# HOW TO COMPLETE THIS TASK
All pictures should be dropped, and only the lines from the top of the entries below through the line containing "#4=PRODUCT('Part','Part','',(#3));" repeated exactly, both ends included.

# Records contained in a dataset
++++++++++
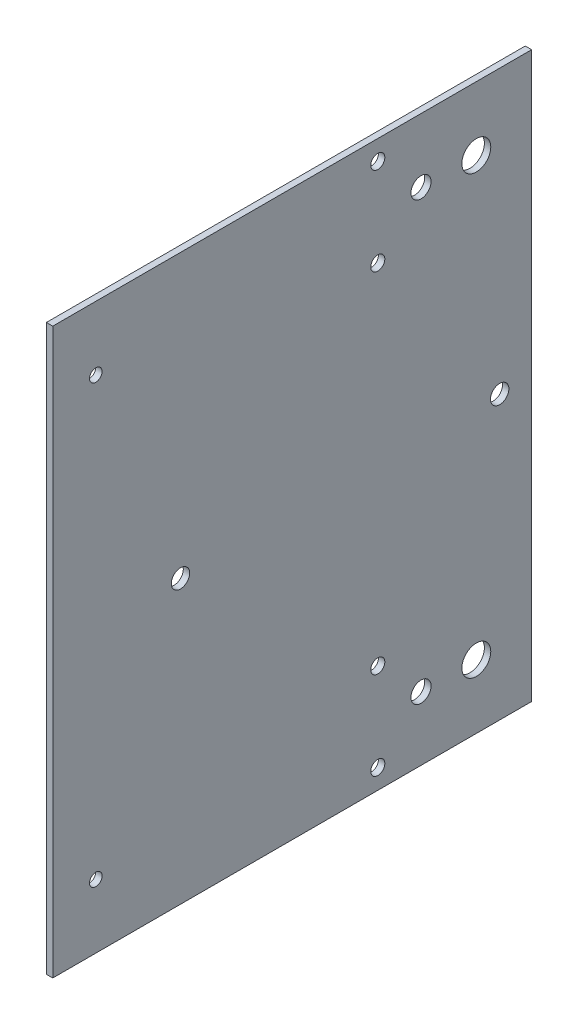
ISO-10303-21;
HEADER;
FILE_DESCRIPTION(('STEP AP214'),'2;1');
FILE_NAME('part.step','',(''),(''),'','','');
FILE_SCHEMA(('AUTOMOTIVE_DESIGN { 1 0 10303 214 1 1 1 1 }'));
ENDSEC;
DATA;
#1=APPLICATION_CONTEXT('core data for automotive mechanical design processes');
#2=APPLICATION_PROTOCOL_DEFINITION('international standard','automotive_design',2000,#1);
#3=PRODUCT_CONTEXT('',#1,'mechanical');
#4=PRODUCT('Part','Part','',(#3));
#5=PRODUCT_RELATED_PRODUCT_CATEGORY('part','',(#4));
#6=PRODUCT_DEFINITION_FORMATION('','',#4);
#7=PRODUCT_DEFINITION_CONTEXT('part definition',#1,'design');
#8=PRODUCT_DEFINITION('design','',#6,#7);
#9=PRODUCT_DEFINITION_SHAPE('','',#8);
#10=(LENGTH_UNIT() NAMED_UNIT(*) SI_UNIT(.MILLI.,.METRE.));
#11=(NAMED_UNIT(*) PLANE_ANGLE_UNIT() SI_UNIT($,.RADIAN.));
#12=(NAMED_UNIT(*) SI_UNIT($,.STERADIAN.) SOLID_ANGLE_UNIT());
#13=UNCERTAINTY_MEASURE_WITH_UNIT(LENGTH_MEASURE(1.E-05),#10,'distance_accuracy_value','');
#14=(GEOMETRIC_REPRESENTATION_CONTEXT(3) GLOBAL_UNCERTAINTY_ASSIGNED_CONTEXT((#13)) GLOBAL_UNIT_ASSIGNED_CONTEXT((#10,
#11,#12)) REPRESENTATION_CONTEXT('',''));
#15=CARTESIAN_POINT('',(0.,0.,0.));
#16=DIRECTION('',(0.,0.,1.));
#17=DIRECTION('',(1.,0.,0.));
#18=AXIS2_PLACEMENT_3D('',#15,#16,#17);
#19=CARTESIAN_POINT('',(0.,83.4547340050886,-95.25));
#20=DIRECTION('',(0.,0.,1.));
#21=DIRECTION('',(0.,-1.,0.));
#22=AXIS2_PLACEMENT_3D('',#19,#20,#21);
#23=PLANE('',#22);
#24=DIRECTION('',(0.,-1.,0.));
#25=VECTOR('',#24,1.);
#26=CARTESIAN_POINT('',(0.,83.4547340050886,-95.25));
#27=LINE('',#26,#25);
#28=CARTESIAN_POINT('',(0.,112.299468010177,-95.25));
#29=VERTEX_POINT('',#28);
#30=CARTESIAN_POINT('',(0.,0.,-95.25));
#31=VERTEX_POINT('',#30);
#32=EDGE_CURVE('E12',#29,#31,#27,.T.);
#33=ORIENTED_EDGE('',*,*,#32,.F.);
#34=DIRECTION('',(-1.,0.,0.));
#35=VECTOR('',#34,1.);
#36=CARTESIAN_POINT('',(0.,112.299468010177,-95.25));
#37=LINE('',#36,#35);
#38=CARTESIAN_POINT('',(1.27,112.299468010177,-95.25));
#39=VERTEX_POINT('',#38);
#40=EDGE_CURVE('E87',#39,#29,#37,.T.);
#41=ORIENTED_EDGE('',*,*,#40,.F.);
#42=DIRECTION('',(0.,1.,0.));
#43=VECTOR('',#42,1.);
#44=CARTESIAN_POINT('',(1.27,83.4547340050886,-95.25));
#45=LINE('',#44,#43);
#46=CARTESIAN_POINT('',(1.27,0.,-95.25));
#47=VERTEX_POINT('',#46);
#48=EDGE_CURVE('E58',#39,#47,#45,.F.);
#49=ORIENTED_EDGE('',*,*,#48,.T.);
#50=DIRECTION('',(-1.,0.,0.));
#51=VECTOR('',#50,1.);
#52=CARTESIAN_POINT('',(0.,0.,-95.25));
#53=LINE('',#52,#51);
#54=EDGE_CURVE('E85',#47,#31,#53,.T.);
#55=ORIENTED_EDGE('',*,*,#54,.T.);
#56=EDGE_LOOP('',(#33,#41,#49,#55));
#57=FACE_BOUND('',#56,.T.);
#58=ADVANCED_FACE('F39',(#57),#23,.F.);
#59=CARTESIAN_POINT('',(0.,83.4547340050886,0.));
#60=DIRECTION('',(0.,0.,1.));
#61=DIRECTION('',(0.,-1.,0.));
#62=AXIS2_PLACEMENT_3D('',#59,#60,#61);
#63=PLANE('',#62);
#64=DIRECTION('',(0.,-1.,0.));
#65=VECTOR('',#64,1.);
#66=CARTESIAN_POINT('',(0.,83.4547340050886,0.));
#67=LINE('',#66,#65);
#68=CARTESIAN_POINT('',(0.,112.299468010177,0.));
#69=VERTEX_POINT('',#68);
#70=CARTESIAN_POINT('',(0.,0.,0.));
#71=VERTEX_POINT('',#70);
#72=EDGE_CURVE('E49',#69,#71,#67,.T.);
#73=ORIENTED_EDGE('',*,*,#72,.T.);
#74=DIRECTION('',(-1.,0.,0.));
#75=VECTOR('',#74,1.);
#76=CARTESIAN_POINT('',(0.,0.,0.));
#77=LINE('',#76,#75);
#78=CARTESIAN_POINT('',(1.27,0.,0.));
#79=VERTEX_POINT('',#78);
#80=EDGE_CURVE('E128',#79,#71,#77,.T.);
#81=ORIENTED_EDGE('',*,*,#80,.F.);
#82=DIRECTION('',(0.,1.,0.));
#83=VECTOR('',#82,1.);
#84=CARTESIAN_POINT('',(1.27,83.4547340050886,0.));
#85=LINE('',#84,#83);
#86=CARTESIAN_POINT('',(1.27,112.299468010177,0.));
#87=VERTEX_POINT('',#86);
#88=EDGE_CURVE('E76',#87,#79,#85,.F.);
#89=ORIENTED_EDGE('',*,*,#88,.F.);
#90=DIRECTION('',(-1.,0.,0.));
#91=VECTOR('',#90,1.);
#92=CARTESIAN_POINT('',(0.,112.299468010177,0.));
#93=LINE('',#92,#91);
#94=EDGE_CURVE('E155',#87,#69,#93,.T.);
#95=ORIENTED_EDGE('',*,*,#94,.T.);
#96=EDGE_LOOP('',(#73,#81,#89,#95));
#97=FACE_BOUND('',#96,.T.);
#98=ADVANCED_FACE('F196',(#97),#63,.T.);
#99=CARTESIAN_POINT('',(0.,56.1497340050886,-25.4));
#100=DIRECTION('',(-1.,0.,0.));
#101=DIRECTION('',(0.,0.,1.));
#102=AXIS2_PLACEMENT_3D('',#99,#100,#101);
#103=CYLINDRICAL_SURFACE('',#102,1.8288);
#104=CARTESIAN_POINT('',(0.,56.1497340050886,-25.4));
#105=DIRECTION('',(-1.,0.,0.));
#106=DIRECTION('',(0.,0.,1.));
#107=AXIS2_PLACEMENT_3D('',#104,#105,#106);
#108=CIRCLE('',#107,1.8288);
#109=CARTESIAN_POINT('',(0.,56.1497340050886,-23.5712));
#110=VERTEX_POINT('',#109);
#111=EDGE_CURVE('E89',#110,#110,#108,.T.);
#112=ORIENTED_EDGE('',*,*,#111,.T.);
#113=EDGE_LOOP('',(#112));
#114=FACE_BOUND('',#113,.T.);
#115=CARTESIAN_POINT('',(1.27,56.1497340050886,-25.4));
#116=DIRECTION('',(-1.,0.,0.));
#117=DIRECTION('',(0.,0.,1.));
#118=AXIS2_PLACEMENT_3D('',#115,#116,#117);
#119=CIRCLE('',#118,1.8288);
#120=CARTESIAN_POINT('',(1.27,56.1497340050886,-23.5712));
#121=VERTEX_POINT('',#120);
#122=EDGE_CURVE('E142',#121,#121,#119,.T.);
#123=ORIENTED_EDGE('',*,*,#122,.F.);
#124=EDGE_LOOP('',(#123));
#125=FACE_BOUND('',#124,.T.);
#126=ADVANCED_FACE('F189',(#114,#125),#103,.F.);
#127=CARTESIAN_POINT('',(0.,56.1497340050886,-88.9));
#128=DIRECTION('',(-1.,0.,0.));
#129=DIRECTION('',(0.,0.,1.));
#130=AXIS2_PLACEMENT_3D('',#127,#128,#129);
#131=CYLINDRICAL_SURFACE('',#130,1.82879999999999);
#132=CARTESIAN_POINT('',(0.,56.1497340050886,-88.9));
#133=DIRECTION('',(-1.,0.,0.));
#134=DIRECTION('',(0.,0.,1.));
#135=AXIS2_PLACEMENT_3D('',#132,#133,#134);
#136=CIRCLE('',#135,1.82879999999999);
#137=CARTESIAN_POINT('',(0.,56.1497340050886,-87.0712));
#138=VERTEX_POINT('',#137);
#139=EDGE_CURVE('E176',#138,#138,#136,.T.);
#140=ORIENTED_EDGE('',*,*,#139,.T.);
#141=EDGE_LOOP('',(#140));
#142=FACE_BOUND('',#141,.T.);
#143=CARTESIAN_POINT('',(1.27,56.1497340050886,-88.9));
#144=DIRECTION('',(-1.,0.,0.));
#145=DIRECTION('',(0.,0.,1.));
#146=AXIS2_PLACEMENT_3D('',#143,#144,#145);
#147=CIRCLE('',#146,1.82879999999999);
#148=CARTESIAN_POINT('',(1.27,56.1497340050886,-87.0712));
#149=VERTEX_POINT('',#148);
#150=EDGE_CURVE('E43',#149,#149,#147,.T.);
#151=ORIENTED_EDGE('',*,*,#150,.F.);
#152=EDGE_LOOP('',(#151));
#153=FACE_BOUND('',#152,.T.);
#154=ADVANCED_FACE('F187',(#142,#153),#131,.F.);
#155=CARTESIAN_POINT('',(0.,0.,0.));
#156=DIRECTION('',(1.,0.,0.));
#157=DIRECTION('',(0.,0.,-1.));
#158=AXIS2_PLACEMENT_3D('',#155,#156,#157);
#159=PLANE('',#158);
#160=ORIENTED_EDGE('',*,*,#111,.F.);
#161=EDGE_LOOP('',(#160));
#162=FACE_BOUND('',#161,.T.);
#163=ORIENTED_EDGE('',*,*,#139,.F.);
#164=EDGE_LOOP('',(#163));
#165=FACE_BOUND('',#164,.T.);
#166=ORIENTED_EDGE('',*,*,#32,.T.);
#167=DIRECTION('',(0.,0.,-1.));
#168=VECTOR('',#167,1.);
#169=CARTESIAN_POINT('',(0.,0.,0.));
#170=LINE('',#169,#168);
#171=EDGE_CURVE('E96',#71,#31,#170,.T.);
#172=ORIENTED_EDGE('',*,*,#171,.F.);
#173=ORIENTED_EDGE('',*,*,#72,.F.);
#174=DIRECTION('',(0.,0.,-1.));
#175=VECTOR('',#174,1.);
#176=CARTESIAN_POINT('',(0.,112.299468010177,0.));
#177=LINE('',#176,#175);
++++++++++
# WRITTEN RESPONSE
ISO-10303-21;
HEADER;
FILE_DESCRIPTION(('STEP AP214'),'2;1');
FILE_NAME('part.step','',(''),(''),'','','');
FILE_SCHEMA(('AUTOMOTIVE_DESIGN { 1 0 10303 214 1 1 1 1 }'));
ENDSEC;
DATA;
#1=APPLICATION_CONTEXT('core data for automotive mechanical design processes');
#2=APPLICATION_PROTOCOL_DEFINITION('international standard','automotive_design',2000,#1);
#3=PRODUCT_CONTEXT('',#1,'mechanical');
#4=PRODUCT('Part','Part','',(#3));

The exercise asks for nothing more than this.